Developers of Ascaya halted sales before any homes were built, leaving its streets lined with empty cake-layered lots for years. They reopened as the economy crawled back from the Great Recession, and sales were slow at first.

But now, with the market on a lengthy hot streak, Ascaya is one of many areas riding the valley’s housing wave.

Sales revenue this year for its developer is on pace to double from 2020, when revenue was triple the average from the three years before that, Ascaya managing director Kelly Foster recently told me.

Most of the revenue is from sales of vacant lots, with a smaller portion from sales of speculative-built homes.

Its sales have accelerated alongside Southern Nevada’s broader housing market, which, fueled by low borrowing costs and people moving here from more-expensive areas, has seen a surge of transactions and prices over the past year or so.

Ascaya has attracted some big-name buyers, too. Raiders owner Mark Davis bought a 6.3-acre lot for $6 million last summer and has broken ground on a custom house, and rock star Gene Simmons of Kiss bought a 10,871-square-foot mansion and a half-acre lot next door for $10.8 million combined this year.

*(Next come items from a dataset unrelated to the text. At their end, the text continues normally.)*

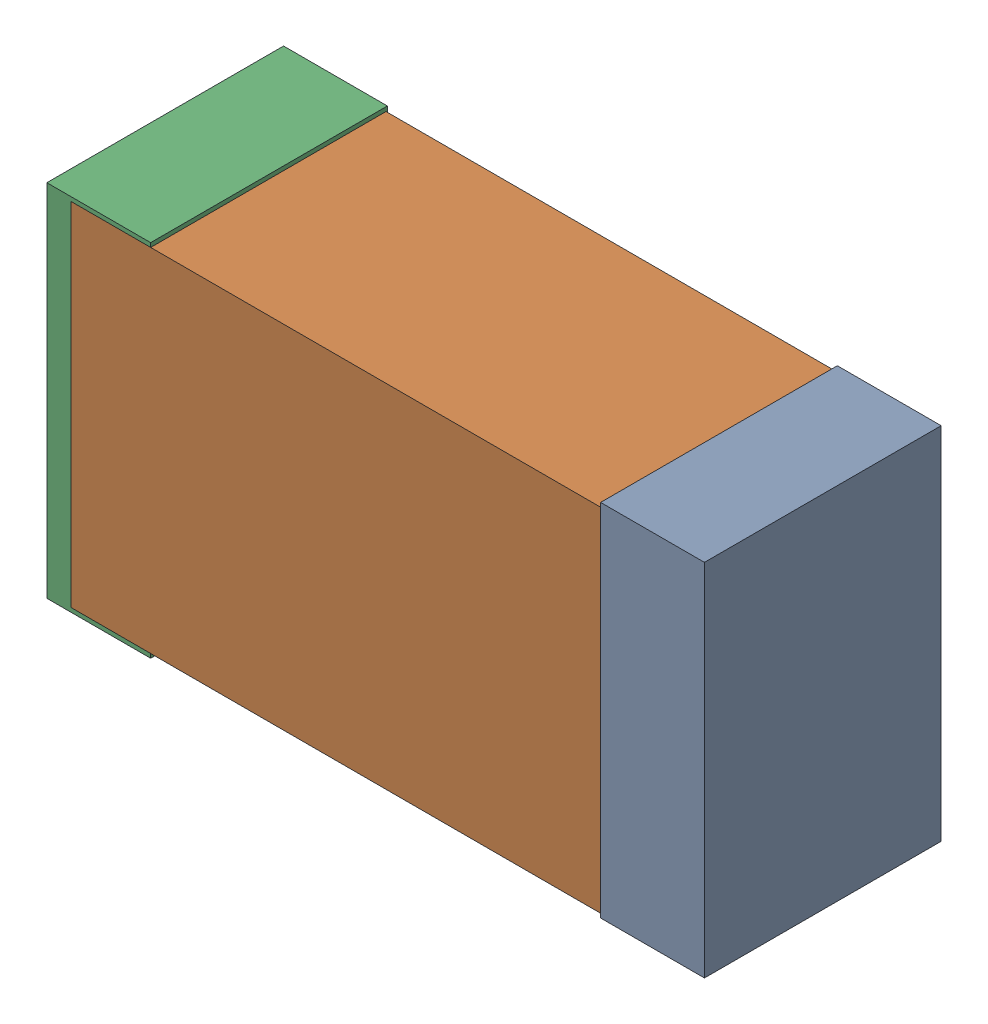
SolidWorks assembly USB67_FB2, configuration Default. Lengths in mm.
Overall size (2.38 1.3 0.85).
6 component instances, 2 part files, 0 mates.
Components (placement in the parent):
- 384311232-1: 384311232 [Default] at (152.384 86.36 -1.9574) size (0.38 1.3 0.85)
  - Extruded_8-1: Extruded_8 [Default] at origin size (0.38 1.3 0.85)
- 402662800-1: 402662800 [Default] at (151.384 86.36 -1.9524) size (2.2 1.27 0.85)
  - Extruded_30-1: Extruded_30 [Default] at origin size (2.2 1.27 0.85)
- 384311232-2: 384311232 [Default] at (150.384 86.36 -1.9574) size (0.38 1.3 0.85)
  - Extruded_8-1: Extruded_8 [Default] at origin size (0.38 1.3 0.85)

Both deals garnered headlines and put the spotlight on the mountain-mansion community.

“It doesn’t hurt when famous people buy things at your project, and then people like you write about them,” Mike Leipart, managing partner of The Agency Development Group, which was hired late last year to handle sales for Ascaya, said recently. “That definitely is some wind at our sail.”

Hong Kong billionaire Henry Cheng, chairman of conglomerate NWS Holdings Ltd., is developing Ascaya. Perched in the McCullough Range, the community boasts sweeping views of the valley, more than 300 homesites and street names such as Cloud Chaser Boulevard and Epic View Court.

Huge houses are required, as they must span at least 4,500 square feet, according to project director John Simmons.

The project was taking shape during the frenzied mid-2000s bubble, as work crews reportedly drilled, blasted and moved about 15 million cubic yards of material. Foster said that only three lots were under contract to sell when the economy crashed and Ascaya’s developers closed shop.

They reopened in 2014 and closed only two sales that year and three in 2015. The developers closed 11 sales last year and, as the market accelerated, 24 this year through mid-June, Clark County records indicate.

Being up in the mountains, homeowners there are also near some wildlife. A bighorn sheep was spotted in Ascaya during a recent tour.

“We have a herd of ’em in here,” Simmons said.

Ascaya may not look anything like a typical subdivision in the valley, but it has at least one thing in common: cluster mailboxes.

Turns out even the rich and famous don’t get their own mailbox in Southern Nevada.

“Can’t get that anymore,” Simmons said.